Re: [PATCH 2/2] mm: convert do_set_pmd() to take a folio

From: David Hildenbrand
Date: Thu May 08 2025 - 03:36:27 EST


On 08.05.25 01:46, Zi Yan wrote:
On 7 May 2025, at 17:24, David Hildenbrand wrote:

On 07.05.25 14:10, Matthew Wilcox wrote:
On Wed, May 07, 2025 at 05:26:13PM +0800, Baolin Wang wrote:
In do_set_pmd(), we always use the folio->page to build PMD mappings for
the entire folio. Since all callers of do_set_pmd() already hold a stable
folio, converting do_set_pmd() to take a folio is safe and more straightforward.

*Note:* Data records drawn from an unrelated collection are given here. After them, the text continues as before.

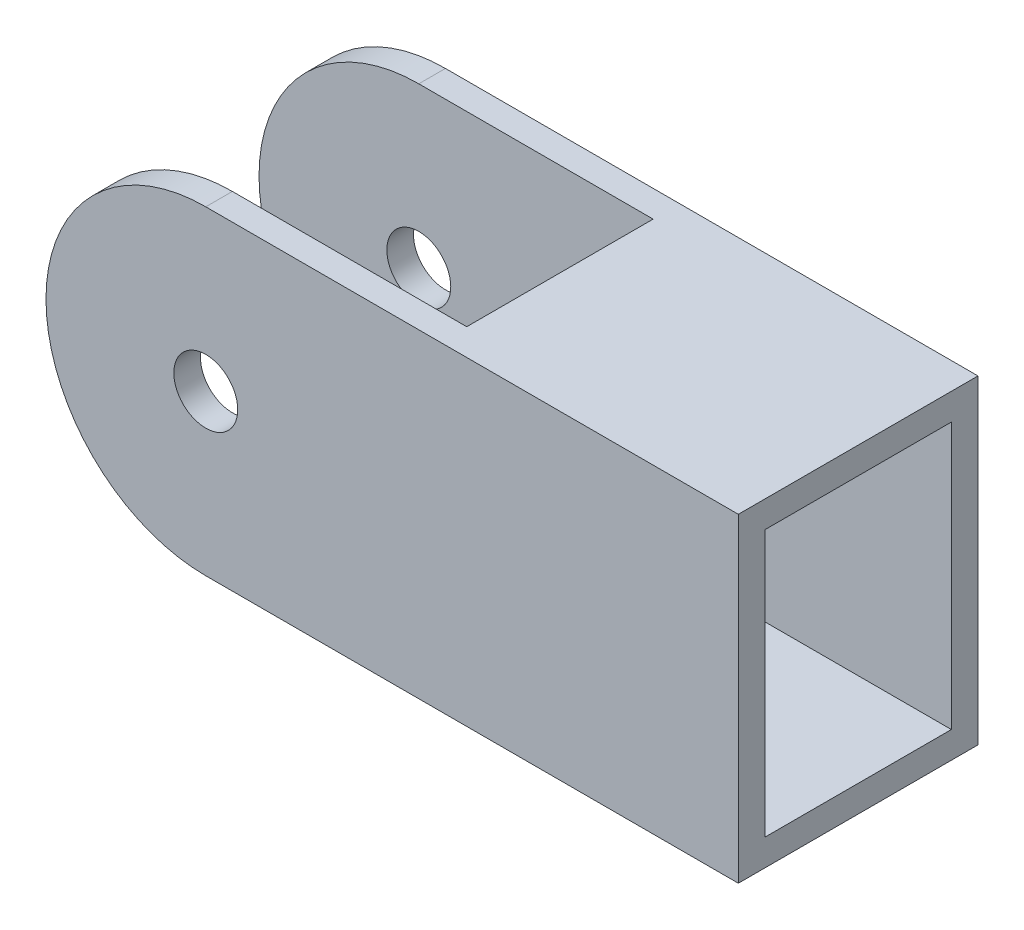
SolidWorks part; units mm, degrees
ref_plane "Płaszczyzna przednia" through (0, 0, 0) normal (0, 0, 1) x (1, 0, 0)
ref_plane "Płaszczyzna górna" through (0, 0, 0) normal (0, 1, 0) x (1, 0, 0)
ref_plane "Płaszczyzna prawa" through (0, 0, 0) normal (1, 0, 0) x (0, 0, -1)
sketch "Szkic1" plane through (0, 0, 0) normal (0, 0, 1) x (1, 0, 0)
  line L1 (-50, -30) -> (50, -30)
  line L3 (-50, 30) -> (50, 30)
  line L4 (50, -30) -> (50, 30)
  line L5 (-50, -30) -> (50, 30) construction
  line L6 (-50, 30) -> (50, -30) construction
  arc A0 (-50, -30) -> (-50, 30) centre (-50, 0) cw
  point P0 (0, 0)
  dimension "D1" = 60
  dimension "D2" = 100
extrude "Dodanie-wyciągnięcie1" add sketch "Szkic1" along normal blind 5
ref_plane "Płaszczyzna1" through (0, 0, 22.5) normal (0, 0, 1) x (1, 0, 0)
mirror "Lustro2" about plane through (0, 0, 22.5) normal (0, 0, 1) of bodies 101
sketch "Szkic2" plane through (0, 30, 0) normal (0, 1, 0) x (1, 0, 0)
  line L0 (50, -5) -> (-50, -5) construction
  line L1 (50, -40) -> (-6, -40)
  line L2 (50, -40) -> (50, -5)
  line L3 (50, -5) -> (-6, -5)
  line L4 (-6, -40) -> (-6, -5)
  dimension "D1" = 56
extrude "Dodanie-wyciągnięcie2" add sketch "Szkic2" against normal blind 5 contours L3 L4 L1 L2
mirror "Lustro3" about plane through (0, 0, 0) normal (0, 1, 0) of "Dodanie-wyciągnięcie2"
sketch "Szkic3" plane through (0, 0, 45) normal (0, 0, 1) x (1, 0, 0)
  circle A0 centre (-50, 0) radius 6
  arc A1 (-50, 30) -> (-50, -30) centre (-50, 0) ccw construction
  dimension "D1" = 12
extrude "Wytnij-wyciągnięcie1" cut sketch "Szkic3" against normal through all contours A0

What testing did you do of this?

-vm_fault_t do_set_pmd(struct vm_fault *vmf, struct page *page)
+vm_fault_t do_set_pmd(struct vm_fault *vmf, struct folio *folio)
{
- struct folio *folio = page_folio(page);
struct vm_area_struct *vma = vmf->vma;
bool write = vmf->flags & FAULT_FLAG_WRITE;
unsigned long haddr = vmf->address & HPAGE_PMD_MASK;
pmd_t entry;
vm_fault_t ret = VM_FAULT_FALLBACK;
+ struct page *page;

Because I see nowhere in this patch that you initialise 'page'.

And that's really the important part. You seem to be assuming that a
folio will never be larger than PMD size, and I'm not comfortable with
that assumption. It's a limitation I put in place a few years ago so we
didn't have to find and fix all those assumptions immediately, but I
imagine that some day we'll want to have larger folios.

So unless you can derive _which_ page in the folio we want to map from
the vmf, NACK this patch.

Agreed. Probably folio + idx is our best bet.

Which raises an interesting question: I assume in the future, when we have a 4 MiB folio on x86-64 that is *misaligned* in VA space regarding PMDs (e.g., aligned to 1 MiB but not 2 MiB), we could still allow to use a PMD for the middle part.

It might not be possible if the folio comes from buddy allocator due to how
buddy allocator merges a PFN with its buddy (see __find_buddy_pfn() in mm/internal.h).
A 4MB folio will always be two 2MB-aligned parts. In addition, VA and PA need
to have the same lower 9+12 bits for a PMD mapping. So PMD mappings for
a 4MB folio would always be two PMDs. Let me know if I miss anything.

PA is clear. But is mis-alignment in VA space impossible on all architectures? I certainly remember it being impossible on x86-64 and s390x (remaining PMD entry bits used for something else).

--
Cheers,

David / dhildenb